# Food from your home country



## Nitsan (Mar 25, 2015)

Hey guys, 

Being an expat myself I know I have those moment where I just miss a certain dish from back home....a drink or a snack....
And being a big foodie I love learning of new cuisines and cultures through food.

Do you have those moments too?
When you want to get some Mexican/ African/ food from your home country...where do you go?
Do you know any specializing store around the Netherlands?


----------



## Xircal (Mar 20, 2015)

Nitsan said:


> Hey guys,
> 
> Being an expat myself I know I have those moment where I just miss a certain dish from back home....a drink or a snack....
> And being a big foodie I love learning of new cuisines and cultures through food.
> ...


Which country are you from? There aren't any flags in your profile which tell us that.


----------



## Nitsan (Mar 25, 2015)

Heya, yes sorry....didn't have time to work on my profile yet 
Just added the flags


----------



## Xircal (Mar 20, 2015)

Nitsan said:


> Heya, yes sorry....didn't have time to work on my profile yet
> Just added the flags


OK, but then the next question is where d'you live.

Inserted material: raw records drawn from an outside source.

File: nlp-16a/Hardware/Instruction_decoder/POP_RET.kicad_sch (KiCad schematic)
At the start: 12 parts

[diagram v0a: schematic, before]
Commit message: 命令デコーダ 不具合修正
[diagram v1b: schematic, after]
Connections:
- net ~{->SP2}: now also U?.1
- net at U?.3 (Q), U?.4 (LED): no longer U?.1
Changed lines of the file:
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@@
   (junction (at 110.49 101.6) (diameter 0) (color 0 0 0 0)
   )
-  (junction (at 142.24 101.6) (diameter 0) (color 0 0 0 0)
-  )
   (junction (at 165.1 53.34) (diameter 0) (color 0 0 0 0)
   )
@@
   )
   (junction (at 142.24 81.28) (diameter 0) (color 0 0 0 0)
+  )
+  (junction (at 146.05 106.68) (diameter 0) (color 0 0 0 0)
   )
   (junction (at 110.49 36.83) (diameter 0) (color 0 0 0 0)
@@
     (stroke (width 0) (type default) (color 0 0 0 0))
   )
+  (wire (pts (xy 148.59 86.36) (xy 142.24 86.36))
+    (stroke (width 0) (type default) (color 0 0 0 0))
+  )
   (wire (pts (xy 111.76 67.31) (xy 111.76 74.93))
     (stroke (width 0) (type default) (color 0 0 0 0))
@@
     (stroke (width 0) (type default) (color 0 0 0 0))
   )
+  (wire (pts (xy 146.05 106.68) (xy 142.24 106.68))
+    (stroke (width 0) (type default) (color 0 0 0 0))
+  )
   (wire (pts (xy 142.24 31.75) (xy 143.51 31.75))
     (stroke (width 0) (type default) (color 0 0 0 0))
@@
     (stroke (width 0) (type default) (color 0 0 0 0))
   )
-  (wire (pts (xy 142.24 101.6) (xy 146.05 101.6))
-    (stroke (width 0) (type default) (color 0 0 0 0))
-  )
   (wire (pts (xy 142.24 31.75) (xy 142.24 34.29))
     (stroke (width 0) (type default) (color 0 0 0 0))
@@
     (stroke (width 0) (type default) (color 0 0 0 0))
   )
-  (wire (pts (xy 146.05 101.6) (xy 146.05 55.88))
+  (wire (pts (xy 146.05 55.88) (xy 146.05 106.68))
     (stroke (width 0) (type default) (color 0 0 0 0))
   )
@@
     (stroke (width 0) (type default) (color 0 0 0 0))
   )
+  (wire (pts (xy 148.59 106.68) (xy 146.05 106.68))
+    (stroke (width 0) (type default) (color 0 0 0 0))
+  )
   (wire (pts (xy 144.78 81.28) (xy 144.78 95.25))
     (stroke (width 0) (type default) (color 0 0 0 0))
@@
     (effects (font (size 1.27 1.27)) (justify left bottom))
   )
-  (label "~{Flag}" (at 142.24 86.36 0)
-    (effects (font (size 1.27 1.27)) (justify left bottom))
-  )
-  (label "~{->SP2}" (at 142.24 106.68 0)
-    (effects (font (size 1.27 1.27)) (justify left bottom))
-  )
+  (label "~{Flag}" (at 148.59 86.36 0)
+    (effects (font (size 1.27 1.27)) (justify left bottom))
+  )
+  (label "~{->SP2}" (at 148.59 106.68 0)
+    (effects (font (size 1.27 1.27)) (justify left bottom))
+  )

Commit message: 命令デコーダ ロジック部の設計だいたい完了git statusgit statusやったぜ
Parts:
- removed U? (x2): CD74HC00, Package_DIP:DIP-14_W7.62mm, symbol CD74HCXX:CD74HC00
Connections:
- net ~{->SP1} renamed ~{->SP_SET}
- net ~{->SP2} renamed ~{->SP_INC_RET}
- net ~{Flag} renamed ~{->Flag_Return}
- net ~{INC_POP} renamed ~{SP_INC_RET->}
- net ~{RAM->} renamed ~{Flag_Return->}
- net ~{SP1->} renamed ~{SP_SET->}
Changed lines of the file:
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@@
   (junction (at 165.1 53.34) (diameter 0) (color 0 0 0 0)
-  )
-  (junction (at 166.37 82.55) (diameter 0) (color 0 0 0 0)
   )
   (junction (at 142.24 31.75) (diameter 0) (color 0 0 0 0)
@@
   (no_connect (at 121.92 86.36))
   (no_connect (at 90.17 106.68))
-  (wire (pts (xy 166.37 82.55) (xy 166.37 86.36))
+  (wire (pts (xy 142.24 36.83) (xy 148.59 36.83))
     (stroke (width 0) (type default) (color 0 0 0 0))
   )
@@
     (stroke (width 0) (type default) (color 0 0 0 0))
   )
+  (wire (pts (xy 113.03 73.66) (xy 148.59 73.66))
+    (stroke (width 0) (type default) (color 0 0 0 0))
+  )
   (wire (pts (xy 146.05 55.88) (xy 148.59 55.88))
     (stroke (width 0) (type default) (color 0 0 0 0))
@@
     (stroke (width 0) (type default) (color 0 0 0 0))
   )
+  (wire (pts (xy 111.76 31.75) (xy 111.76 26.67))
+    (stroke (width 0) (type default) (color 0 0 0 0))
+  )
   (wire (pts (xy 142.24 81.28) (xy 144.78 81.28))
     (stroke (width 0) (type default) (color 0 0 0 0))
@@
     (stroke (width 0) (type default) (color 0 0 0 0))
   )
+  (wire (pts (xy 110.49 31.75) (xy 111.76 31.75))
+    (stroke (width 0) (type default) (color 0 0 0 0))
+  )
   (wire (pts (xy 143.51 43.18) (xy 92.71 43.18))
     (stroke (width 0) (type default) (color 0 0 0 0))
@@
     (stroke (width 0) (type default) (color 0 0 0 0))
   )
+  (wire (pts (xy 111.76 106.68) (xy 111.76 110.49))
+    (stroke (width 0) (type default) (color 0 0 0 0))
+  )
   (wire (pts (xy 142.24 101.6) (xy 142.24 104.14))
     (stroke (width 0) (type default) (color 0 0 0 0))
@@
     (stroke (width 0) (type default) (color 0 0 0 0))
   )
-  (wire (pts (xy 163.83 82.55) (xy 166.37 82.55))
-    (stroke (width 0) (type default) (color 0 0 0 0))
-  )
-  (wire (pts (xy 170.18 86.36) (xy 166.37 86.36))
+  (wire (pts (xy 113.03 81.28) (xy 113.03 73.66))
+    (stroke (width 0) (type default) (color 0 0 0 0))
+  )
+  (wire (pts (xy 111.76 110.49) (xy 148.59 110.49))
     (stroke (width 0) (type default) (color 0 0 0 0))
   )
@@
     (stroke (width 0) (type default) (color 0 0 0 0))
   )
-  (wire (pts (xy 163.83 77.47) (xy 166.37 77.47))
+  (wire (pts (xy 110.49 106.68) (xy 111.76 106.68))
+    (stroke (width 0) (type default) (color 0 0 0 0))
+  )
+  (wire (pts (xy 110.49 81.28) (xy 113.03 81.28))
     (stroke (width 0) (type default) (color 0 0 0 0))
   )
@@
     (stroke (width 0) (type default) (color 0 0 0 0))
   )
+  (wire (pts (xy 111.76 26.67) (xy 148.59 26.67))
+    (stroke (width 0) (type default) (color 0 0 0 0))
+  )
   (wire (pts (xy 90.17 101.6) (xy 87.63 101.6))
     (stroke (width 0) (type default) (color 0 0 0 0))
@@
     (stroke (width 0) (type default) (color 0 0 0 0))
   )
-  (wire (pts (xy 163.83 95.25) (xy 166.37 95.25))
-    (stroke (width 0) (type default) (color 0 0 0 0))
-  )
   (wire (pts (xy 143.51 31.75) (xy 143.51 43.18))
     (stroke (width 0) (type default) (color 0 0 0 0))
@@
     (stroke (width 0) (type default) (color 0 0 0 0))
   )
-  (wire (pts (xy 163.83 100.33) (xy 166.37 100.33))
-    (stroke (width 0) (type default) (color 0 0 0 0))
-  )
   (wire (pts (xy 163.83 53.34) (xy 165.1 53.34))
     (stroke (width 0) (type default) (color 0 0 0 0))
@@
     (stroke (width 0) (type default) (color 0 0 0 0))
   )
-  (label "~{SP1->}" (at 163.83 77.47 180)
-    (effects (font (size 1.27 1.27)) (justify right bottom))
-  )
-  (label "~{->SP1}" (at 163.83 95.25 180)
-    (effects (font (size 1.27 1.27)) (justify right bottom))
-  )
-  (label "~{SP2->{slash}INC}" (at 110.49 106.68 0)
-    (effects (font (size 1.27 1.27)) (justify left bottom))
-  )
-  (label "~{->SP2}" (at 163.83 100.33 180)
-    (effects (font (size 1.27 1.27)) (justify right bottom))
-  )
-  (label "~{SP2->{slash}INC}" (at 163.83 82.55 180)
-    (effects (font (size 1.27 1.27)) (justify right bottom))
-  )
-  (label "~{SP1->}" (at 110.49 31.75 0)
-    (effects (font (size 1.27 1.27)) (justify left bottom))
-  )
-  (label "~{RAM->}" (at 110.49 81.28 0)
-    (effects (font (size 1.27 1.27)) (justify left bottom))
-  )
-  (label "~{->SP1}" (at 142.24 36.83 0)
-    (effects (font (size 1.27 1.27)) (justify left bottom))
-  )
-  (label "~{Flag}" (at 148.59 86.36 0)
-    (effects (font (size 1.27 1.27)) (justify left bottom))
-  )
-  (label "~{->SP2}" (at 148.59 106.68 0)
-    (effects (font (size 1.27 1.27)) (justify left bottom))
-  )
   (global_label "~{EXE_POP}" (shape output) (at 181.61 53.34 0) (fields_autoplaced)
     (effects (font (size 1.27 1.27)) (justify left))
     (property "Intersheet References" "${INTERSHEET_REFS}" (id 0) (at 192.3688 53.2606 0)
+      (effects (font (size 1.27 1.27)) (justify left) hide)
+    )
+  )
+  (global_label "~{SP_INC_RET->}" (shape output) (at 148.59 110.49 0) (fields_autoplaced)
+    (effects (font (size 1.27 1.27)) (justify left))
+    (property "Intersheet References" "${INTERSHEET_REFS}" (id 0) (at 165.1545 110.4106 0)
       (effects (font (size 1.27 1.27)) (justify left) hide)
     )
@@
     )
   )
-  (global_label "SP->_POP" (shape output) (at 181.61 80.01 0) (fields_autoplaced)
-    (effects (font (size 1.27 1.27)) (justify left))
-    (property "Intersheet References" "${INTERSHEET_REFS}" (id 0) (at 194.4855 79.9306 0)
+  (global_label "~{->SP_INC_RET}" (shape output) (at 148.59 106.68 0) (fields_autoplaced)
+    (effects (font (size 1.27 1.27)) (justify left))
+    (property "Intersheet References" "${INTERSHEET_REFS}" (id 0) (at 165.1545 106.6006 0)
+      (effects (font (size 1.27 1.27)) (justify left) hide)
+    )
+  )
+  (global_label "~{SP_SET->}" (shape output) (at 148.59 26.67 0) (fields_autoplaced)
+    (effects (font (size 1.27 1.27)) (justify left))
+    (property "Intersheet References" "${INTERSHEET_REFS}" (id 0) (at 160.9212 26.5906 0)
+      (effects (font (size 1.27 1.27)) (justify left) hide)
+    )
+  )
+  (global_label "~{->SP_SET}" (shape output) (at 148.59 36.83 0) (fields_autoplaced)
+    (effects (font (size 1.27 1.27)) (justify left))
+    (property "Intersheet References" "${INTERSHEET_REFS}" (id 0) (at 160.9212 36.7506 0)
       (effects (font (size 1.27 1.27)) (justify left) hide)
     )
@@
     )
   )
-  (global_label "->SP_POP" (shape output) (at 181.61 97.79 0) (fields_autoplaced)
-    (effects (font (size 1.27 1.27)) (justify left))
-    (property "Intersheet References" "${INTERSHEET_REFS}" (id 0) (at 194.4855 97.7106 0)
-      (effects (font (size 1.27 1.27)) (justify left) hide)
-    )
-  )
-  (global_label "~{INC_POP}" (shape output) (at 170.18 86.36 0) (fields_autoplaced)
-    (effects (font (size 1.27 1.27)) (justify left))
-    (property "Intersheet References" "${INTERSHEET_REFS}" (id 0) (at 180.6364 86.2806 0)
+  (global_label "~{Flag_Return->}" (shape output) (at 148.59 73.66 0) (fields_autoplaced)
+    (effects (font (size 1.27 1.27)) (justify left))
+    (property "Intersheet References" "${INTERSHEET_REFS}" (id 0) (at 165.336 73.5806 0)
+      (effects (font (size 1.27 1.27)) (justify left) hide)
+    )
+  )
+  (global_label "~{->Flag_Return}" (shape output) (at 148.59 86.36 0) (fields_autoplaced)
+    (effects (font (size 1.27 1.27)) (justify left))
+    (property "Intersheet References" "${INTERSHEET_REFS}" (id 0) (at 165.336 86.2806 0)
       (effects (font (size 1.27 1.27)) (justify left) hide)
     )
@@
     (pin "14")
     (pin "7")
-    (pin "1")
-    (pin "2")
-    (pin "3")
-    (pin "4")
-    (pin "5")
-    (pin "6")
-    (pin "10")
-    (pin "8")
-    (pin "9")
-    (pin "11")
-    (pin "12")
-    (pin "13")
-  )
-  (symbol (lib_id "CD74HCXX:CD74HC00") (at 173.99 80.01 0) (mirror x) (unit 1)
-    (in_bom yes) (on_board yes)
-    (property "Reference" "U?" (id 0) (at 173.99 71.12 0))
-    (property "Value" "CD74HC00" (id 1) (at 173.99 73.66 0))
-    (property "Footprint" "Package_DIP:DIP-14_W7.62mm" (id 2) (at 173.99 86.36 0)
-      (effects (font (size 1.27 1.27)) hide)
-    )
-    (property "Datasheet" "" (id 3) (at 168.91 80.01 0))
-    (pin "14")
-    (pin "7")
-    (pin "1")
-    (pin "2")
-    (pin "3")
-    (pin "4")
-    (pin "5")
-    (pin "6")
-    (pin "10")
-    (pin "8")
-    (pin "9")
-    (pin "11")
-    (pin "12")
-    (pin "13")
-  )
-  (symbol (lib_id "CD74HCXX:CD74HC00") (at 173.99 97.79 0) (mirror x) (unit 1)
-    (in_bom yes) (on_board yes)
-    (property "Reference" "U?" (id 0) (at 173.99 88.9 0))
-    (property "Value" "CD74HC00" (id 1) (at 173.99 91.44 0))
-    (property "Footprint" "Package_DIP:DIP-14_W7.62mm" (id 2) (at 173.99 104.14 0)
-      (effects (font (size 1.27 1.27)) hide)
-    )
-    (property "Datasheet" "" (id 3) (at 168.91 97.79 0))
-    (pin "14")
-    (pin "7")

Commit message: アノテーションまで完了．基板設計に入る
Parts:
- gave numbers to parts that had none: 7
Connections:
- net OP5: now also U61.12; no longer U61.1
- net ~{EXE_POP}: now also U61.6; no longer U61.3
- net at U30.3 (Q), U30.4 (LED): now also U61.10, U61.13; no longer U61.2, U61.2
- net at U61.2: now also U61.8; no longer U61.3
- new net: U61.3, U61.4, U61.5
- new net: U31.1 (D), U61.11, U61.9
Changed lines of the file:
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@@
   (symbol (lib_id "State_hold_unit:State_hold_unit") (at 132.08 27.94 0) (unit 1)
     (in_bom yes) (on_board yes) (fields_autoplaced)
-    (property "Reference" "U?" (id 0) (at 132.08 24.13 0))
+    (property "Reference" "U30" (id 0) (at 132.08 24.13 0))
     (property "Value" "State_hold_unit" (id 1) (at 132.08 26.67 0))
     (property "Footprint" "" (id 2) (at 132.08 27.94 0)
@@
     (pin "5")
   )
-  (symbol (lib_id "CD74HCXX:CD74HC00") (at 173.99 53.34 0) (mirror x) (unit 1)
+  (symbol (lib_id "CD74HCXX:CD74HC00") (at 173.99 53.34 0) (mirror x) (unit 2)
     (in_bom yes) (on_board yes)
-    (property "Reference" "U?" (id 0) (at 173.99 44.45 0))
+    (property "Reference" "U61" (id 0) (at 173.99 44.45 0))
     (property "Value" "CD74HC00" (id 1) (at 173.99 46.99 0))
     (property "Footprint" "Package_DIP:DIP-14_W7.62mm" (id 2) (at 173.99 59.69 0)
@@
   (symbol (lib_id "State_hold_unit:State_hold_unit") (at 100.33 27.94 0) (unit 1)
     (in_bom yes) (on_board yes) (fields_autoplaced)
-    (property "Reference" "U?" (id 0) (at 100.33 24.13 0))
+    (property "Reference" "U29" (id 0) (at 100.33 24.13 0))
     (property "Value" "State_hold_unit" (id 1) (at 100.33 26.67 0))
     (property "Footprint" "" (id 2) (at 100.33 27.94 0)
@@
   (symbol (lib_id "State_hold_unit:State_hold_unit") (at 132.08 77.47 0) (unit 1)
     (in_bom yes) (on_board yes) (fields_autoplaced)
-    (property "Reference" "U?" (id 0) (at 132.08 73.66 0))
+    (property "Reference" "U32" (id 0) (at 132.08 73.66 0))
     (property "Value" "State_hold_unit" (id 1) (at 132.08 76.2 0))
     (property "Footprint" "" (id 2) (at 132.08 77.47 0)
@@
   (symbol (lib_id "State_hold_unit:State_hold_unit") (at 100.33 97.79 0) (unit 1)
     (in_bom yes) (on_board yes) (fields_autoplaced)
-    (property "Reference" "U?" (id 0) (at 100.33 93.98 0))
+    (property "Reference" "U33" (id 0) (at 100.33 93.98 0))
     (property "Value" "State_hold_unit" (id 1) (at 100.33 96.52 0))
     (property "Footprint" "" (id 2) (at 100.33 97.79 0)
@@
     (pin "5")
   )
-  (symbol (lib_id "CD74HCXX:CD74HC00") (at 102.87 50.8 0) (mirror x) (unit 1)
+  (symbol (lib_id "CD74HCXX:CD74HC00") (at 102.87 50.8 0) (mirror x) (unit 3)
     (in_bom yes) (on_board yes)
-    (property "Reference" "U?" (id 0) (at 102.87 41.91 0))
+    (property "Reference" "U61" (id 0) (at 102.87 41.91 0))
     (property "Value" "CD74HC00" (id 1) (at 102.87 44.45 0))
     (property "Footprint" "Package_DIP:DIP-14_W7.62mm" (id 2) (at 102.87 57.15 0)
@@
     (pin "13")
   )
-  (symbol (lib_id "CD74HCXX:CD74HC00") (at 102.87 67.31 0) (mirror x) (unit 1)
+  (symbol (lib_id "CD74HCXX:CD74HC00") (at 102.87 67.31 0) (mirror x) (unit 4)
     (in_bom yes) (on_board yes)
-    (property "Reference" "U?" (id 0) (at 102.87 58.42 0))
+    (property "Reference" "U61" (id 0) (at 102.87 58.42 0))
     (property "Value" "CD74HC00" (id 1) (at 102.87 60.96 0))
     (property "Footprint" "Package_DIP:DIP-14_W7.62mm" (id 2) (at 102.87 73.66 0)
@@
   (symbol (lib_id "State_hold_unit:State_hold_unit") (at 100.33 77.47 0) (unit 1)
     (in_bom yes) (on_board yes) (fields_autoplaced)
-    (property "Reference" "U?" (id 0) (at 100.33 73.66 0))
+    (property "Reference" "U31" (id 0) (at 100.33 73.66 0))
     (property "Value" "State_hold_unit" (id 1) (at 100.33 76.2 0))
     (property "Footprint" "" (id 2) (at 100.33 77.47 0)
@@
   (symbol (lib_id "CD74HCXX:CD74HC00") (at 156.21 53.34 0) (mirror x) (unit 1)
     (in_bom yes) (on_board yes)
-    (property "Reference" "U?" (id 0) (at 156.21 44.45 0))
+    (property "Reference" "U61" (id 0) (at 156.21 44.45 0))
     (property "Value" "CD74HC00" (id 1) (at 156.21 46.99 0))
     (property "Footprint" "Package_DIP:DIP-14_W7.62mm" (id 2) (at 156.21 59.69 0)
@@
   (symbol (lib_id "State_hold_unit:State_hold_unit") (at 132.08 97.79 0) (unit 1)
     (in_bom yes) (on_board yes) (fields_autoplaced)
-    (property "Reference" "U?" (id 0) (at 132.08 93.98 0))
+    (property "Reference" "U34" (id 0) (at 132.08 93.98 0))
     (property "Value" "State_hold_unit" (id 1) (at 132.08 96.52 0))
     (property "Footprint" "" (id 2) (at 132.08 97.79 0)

There are plenty of shops in Amsterdam for example that provide the homegrown variety, but you might not live here. 

Kosher restaurants, shops and food in the Netherlands. - NIK - Nederlands Israëlitisch Kerkgenootschap


----------



## Nitsan (Mar 25, 2015)

I live next to Zwolle atm but planing on relocating to Den Haag, getting closer to the action 
Where are you from?


----------